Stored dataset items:
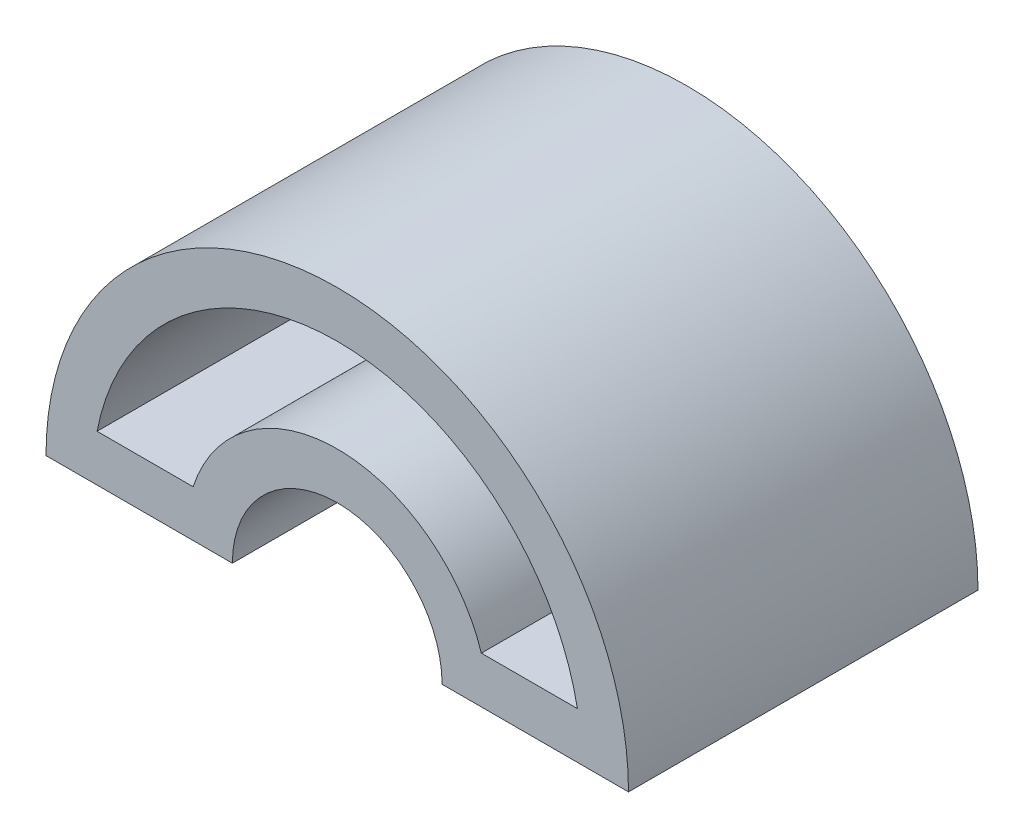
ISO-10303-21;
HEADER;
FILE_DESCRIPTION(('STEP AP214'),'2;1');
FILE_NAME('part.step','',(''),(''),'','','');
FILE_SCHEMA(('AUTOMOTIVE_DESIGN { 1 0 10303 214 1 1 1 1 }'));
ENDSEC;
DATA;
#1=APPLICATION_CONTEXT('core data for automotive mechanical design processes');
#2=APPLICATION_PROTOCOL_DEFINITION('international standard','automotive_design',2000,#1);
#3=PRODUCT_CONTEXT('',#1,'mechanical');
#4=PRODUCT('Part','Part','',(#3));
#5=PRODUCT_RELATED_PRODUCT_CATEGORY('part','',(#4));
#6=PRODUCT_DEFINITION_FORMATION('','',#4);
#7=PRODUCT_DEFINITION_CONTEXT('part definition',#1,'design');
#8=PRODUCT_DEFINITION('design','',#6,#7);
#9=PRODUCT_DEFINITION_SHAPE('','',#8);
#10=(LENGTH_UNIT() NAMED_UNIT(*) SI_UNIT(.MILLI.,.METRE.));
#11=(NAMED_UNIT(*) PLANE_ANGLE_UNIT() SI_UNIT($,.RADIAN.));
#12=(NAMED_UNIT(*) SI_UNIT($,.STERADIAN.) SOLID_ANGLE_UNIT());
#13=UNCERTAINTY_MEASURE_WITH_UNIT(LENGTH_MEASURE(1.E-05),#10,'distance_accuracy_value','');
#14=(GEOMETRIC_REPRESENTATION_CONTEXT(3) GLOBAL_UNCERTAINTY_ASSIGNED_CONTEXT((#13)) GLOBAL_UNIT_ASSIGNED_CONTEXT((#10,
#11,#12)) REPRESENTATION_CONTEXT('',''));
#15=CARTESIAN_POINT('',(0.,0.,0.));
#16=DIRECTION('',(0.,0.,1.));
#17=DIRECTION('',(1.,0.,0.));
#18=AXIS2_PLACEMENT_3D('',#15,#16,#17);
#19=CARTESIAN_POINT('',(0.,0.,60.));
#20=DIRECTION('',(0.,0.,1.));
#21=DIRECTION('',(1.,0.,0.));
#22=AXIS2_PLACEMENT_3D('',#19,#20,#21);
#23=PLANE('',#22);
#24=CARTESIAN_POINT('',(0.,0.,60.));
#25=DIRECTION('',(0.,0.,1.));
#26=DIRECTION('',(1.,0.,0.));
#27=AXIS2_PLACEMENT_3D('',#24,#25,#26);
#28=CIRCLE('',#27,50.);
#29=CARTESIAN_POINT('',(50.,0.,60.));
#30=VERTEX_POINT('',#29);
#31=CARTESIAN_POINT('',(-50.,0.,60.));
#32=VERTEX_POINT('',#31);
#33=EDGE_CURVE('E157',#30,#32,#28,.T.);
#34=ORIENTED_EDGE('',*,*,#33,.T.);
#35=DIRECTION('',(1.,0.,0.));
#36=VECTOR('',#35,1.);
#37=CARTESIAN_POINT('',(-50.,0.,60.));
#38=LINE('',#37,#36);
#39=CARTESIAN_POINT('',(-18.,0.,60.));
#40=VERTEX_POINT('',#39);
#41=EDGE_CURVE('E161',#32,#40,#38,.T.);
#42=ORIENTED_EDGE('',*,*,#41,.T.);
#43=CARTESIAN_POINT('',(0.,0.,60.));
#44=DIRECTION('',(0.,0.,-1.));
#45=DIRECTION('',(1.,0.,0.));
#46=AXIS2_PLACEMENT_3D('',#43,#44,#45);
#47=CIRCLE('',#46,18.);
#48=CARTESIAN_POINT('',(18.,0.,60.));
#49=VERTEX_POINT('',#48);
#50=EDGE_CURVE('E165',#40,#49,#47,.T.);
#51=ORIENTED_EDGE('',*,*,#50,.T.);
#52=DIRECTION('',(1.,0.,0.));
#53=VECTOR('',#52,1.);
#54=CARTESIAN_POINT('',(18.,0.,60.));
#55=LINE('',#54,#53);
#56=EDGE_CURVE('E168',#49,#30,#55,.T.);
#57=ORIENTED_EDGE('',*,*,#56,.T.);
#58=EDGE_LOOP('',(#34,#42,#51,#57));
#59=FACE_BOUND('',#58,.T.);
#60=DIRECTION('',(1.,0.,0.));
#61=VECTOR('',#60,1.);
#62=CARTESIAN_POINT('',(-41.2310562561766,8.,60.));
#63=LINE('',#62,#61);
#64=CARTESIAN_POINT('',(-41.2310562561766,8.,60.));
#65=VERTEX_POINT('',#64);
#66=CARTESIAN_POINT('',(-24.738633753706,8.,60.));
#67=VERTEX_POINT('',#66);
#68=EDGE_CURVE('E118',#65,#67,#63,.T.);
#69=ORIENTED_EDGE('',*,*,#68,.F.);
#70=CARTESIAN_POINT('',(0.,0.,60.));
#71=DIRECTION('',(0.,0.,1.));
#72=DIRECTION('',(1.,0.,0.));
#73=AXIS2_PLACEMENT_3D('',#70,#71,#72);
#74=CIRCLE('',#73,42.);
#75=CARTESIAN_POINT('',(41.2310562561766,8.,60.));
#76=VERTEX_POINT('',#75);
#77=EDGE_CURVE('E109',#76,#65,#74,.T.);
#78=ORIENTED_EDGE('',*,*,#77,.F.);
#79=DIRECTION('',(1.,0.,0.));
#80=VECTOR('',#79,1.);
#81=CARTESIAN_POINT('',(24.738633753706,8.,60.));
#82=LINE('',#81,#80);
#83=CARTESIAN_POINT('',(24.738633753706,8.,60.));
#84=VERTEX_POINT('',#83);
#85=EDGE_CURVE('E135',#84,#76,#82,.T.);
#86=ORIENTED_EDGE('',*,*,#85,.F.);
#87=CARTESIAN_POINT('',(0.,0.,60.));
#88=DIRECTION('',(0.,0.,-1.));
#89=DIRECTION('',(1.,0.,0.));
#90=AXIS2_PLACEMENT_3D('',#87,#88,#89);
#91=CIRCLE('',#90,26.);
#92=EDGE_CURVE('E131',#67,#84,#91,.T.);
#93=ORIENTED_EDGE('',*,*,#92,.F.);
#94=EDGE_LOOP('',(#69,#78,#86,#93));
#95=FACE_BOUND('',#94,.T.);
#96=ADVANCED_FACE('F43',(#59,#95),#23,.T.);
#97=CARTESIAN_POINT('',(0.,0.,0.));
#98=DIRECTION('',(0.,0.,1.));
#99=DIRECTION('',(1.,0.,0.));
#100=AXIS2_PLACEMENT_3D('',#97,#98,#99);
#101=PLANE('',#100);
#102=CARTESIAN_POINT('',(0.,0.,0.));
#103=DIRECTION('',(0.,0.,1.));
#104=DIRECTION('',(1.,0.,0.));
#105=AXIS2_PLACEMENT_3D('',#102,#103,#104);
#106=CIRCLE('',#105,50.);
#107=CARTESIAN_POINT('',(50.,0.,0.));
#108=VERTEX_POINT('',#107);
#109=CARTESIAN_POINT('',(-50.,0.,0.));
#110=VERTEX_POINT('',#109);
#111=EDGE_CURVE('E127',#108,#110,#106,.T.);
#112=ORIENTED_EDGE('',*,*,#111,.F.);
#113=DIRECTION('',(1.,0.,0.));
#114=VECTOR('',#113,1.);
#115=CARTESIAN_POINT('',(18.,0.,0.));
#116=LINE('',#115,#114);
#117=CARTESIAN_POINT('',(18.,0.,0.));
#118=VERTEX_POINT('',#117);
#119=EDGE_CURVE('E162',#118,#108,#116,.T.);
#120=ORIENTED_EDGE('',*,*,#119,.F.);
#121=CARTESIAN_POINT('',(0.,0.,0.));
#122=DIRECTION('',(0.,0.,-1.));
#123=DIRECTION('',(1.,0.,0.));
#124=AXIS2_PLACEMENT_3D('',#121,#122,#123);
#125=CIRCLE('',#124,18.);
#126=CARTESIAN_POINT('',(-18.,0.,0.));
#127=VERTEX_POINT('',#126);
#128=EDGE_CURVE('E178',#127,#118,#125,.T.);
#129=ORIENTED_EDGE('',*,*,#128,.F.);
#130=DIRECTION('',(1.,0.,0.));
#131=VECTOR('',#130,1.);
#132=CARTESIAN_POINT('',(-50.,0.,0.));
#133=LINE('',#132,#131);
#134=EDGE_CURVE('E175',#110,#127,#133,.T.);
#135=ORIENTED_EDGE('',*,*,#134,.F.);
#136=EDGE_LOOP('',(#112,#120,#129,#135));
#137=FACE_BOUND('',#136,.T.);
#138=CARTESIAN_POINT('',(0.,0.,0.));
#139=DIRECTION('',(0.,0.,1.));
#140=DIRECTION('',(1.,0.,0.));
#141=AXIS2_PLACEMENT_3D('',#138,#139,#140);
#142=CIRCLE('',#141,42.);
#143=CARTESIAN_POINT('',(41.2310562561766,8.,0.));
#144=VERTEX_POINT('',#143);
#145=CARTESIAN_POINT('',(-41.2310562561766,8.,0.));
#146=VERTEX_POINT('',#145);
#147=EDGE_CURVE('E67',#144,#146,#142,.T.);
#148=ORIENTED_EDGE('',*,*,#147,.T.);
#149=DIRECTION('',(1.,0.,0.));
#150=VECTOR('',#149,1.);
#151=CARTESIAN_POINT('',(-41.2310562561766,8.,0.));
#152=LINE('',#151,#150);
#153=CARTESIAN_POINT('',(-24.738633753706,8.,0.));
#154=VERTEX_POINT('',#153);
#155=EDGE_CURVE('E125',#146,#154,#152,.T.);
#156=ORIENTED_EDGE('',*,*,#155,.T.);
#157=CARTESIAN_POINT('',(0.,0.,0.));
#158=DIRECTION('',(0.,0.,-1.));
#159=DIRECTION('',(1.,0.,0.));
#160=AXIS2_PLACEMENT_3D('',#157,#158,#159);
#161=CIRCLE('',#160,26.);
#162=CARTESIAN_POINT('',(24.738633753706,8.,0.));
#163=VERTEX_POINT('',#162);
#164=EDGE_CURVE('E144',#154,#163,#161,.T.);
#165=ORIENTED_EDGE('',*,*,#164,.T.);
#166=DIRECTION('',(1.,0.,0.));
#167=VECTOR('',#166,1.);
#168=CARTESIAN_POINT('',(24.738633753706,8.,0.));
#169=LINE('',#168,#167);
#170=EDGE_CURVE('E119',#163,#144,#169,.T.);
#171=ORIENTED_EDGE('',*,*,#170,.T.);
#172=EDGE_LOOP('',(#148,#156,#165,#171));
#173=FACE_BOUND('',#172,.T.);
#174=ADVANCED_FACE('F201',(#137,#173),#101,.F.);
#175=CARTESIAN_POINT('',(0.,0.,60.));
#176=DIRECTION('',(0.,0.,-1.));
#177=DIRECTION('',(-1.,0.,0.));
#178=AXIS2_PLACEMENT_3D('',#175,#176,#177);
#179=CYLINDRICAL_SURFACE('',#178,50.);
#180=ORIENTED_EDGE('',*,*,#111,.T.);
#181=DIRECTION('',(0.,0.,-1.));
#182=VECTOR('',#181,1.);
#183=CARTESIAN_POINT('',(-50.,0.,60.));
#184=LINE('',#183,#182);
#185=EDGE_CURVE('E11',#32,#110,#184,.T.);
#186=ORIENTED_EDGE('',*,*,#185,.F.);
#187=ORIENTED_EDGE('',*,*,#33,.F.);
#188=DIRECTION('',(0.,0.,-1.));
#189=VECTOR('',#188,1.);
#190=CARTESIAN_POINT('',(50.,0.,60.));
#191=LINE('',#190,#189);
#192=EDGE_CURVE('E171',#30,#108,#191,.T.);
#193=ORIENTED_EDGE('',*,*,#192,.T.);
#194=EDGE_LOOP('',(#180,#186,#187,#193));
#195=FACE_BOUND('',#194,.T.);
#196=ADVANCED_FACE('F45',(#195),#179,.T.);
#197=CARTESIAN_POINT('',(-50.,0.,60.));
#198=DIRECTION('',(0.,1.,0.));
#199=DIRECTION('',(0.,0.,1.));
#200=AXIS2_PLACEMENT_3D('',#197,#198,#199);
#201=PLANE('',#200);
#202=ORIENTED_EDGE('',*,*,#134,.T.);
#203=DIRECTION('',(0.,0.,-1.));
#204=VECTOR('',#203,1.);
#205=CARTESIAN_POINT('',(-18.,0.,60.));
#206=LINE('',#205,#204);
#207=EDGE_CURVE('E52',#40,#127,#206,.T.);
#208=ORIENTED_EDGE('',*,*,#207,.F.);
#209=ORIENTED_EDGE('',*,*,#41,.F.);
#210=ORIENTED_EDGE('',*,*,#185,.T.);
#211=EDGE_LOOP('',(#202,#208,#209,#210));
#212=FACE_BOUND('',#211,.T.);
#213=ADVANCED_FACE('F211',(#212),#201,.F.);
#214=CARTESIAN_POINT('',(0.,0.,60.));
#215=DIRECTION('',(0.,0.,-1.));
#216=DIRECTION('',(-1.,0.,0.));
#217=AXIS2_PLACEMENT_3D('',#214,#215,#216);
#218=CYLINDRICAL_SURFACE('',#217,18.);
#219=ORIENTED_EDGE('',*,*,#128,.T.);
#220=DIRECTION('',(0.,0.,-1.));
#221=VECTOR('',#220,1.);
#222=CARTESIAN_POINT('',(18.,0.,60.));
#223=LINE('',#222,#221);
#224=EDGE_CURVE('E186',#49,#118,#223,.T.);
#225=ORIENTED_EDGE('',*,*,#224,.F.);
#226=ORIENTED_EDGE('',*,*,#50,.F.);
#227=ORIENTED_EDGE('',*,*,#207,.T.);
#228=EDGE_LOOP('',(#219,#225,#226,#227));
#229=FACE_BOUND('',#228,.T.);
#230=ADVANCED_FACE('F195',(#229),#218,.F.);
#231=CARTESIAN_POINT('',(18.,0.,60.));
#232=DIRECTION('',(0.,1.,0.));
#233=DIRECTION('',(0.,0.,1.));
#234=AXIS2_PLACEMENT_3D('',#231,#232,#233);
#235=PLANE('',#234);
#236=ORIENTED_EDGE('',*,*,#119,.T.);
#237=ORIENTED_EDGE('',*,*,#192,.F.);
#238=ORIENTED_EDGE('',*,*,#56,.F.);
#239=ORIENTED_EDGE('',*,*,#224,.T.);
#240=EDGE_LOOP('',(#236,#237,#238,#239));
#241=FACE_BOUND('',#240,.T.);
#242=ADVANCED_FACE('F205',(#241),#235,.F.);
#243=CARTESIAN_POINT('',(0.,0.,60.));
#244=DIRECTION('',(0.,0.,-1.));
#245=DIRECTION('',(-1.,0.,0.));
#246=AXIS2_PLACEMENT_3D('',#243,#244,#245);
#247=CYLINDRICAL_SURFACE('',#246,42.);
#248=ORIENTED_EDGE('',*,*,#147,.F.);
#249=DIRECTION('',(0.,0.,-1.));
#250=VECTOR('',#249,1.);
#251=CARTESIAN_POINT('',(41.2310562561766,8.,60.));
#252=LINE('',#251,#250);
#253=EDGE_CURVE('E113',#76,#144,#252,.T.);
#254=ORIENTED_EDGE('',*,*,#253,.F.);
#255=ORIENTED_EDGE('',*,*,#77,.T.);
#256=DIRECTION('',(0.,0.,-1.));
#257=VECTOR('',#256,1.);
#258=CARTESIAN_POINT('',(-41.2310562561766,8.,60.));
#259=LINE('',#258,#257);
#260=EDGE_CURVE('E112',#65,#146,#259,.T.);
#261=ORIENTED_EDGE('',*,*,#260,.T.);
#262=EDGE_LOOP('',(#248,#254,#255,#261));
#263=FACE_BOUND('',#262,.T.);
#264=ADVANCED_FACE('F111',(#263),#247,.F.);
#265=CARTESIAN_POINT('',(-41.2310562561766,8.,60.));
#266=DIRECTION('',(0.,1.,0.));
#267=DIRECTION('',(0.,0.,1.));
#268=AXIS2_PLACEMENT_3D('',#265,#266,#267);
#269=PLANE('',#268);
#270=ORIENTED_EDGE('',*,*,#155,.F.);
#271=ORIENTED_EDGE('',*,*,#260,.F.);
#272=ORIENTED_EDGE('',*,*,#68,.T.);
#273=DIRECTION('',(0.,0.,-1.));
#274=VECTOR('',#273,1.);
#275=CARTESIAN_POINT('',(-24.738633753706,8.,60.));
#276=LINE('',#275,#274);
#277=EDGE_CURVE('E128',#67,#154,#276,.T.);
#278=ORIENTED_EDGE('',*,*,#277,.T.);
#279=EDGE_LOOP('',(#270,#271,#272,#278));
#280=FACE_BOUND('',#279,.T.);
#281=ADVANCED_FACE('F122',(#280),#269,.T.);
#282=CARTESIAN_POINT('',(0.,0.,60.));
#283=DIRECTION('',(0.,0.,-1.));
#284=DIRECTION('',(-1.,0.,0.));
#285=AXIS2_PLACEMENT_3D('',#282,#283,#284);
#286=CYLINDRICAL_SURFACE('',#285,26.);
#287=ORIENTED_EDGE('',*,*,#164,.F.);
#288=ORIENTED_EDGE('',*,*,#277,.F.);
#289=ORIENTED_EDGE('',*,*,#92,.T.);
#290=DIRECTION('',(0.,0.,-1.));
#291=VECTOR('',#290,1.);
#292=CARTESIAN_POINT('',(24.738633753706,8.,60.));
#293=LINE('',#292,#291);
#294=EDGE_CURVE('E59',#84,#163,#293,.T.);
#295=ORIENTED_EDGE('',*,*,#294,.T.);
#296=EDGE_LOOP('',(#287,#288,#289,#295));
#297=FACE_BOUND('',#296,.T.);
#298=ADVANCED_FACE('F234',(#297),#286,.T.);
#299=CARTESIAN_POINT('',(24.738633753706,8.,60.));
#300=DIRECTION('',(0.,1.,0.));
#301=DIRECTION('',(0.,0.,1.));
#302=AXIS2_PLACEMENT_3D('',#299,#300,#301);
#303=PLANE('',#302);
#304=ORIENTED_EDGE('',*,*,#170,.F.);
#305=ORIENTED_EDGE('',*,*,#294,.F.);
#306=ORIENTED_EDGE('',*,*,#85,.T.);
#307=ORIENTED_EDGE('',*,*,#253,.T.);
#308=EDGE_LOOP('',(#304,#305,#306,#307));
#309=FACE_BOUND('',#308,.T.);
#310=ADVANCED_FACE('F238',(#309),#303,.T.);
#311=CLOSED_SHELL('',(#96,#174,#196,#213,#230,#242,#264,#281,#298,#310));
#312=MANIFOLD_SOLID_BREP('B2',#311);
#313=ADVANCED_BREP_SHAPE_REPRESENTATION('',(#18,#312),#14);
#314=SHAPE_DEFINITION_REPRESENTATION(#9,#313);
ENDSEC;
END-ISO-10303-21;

INSTRUCTIONS FOR THE TASK — Beginning at the line with "FILE_DESCRIPTION(('STEP AP214'),'2;1');" and stopping after the line with "#10=(LENGTH_UNIT() NAMED_UNIT(*) SI_UNIT(.MILLI.,.METRE.));", please write out every line of the data above exactly and nothing else.

SOLVED PROBLEM —
FILE_DESCRIPTION(('STEP AP214'),'2;1');
FILE_NAME('part.step','',(''),(''),'','','');
FILE_SCHEMA(('AUTOMOTIVE_DESIGN { 1 0 10303 214 1 1 1 1 }'));
ENDSEC;
DATA;
#1=APPLICATION_CONTEXT('core data for automotive mechanical design processes');
#2=APPLICATION_PROTOCOL_DEFINITION('international standard','automotive_design',2000,#1);
#3=PRODUCT_CONTEXT('',#1,'mechanical');
#4=PRODUCT('Part','Part','',(#3));
#5=PRODUCT_RELATED_PRODUCT_CATEGORY('part','',(#4));
#6=PRODUCT_DEFINITION_FORMATION('','',#4);
#7=PRODUCT_DEFINITION_CONTEXT('part definition',#1,'design');
#8=PRODUCT_DEFINITION('design','',#6,#7);
#9=PRODUCT_DEFINITION_SHAPE('','',#8);
#10=(LENGTH_UNIT() NAMED_UNIT(*) SI_UNIT(.MILLI.,.METRE.));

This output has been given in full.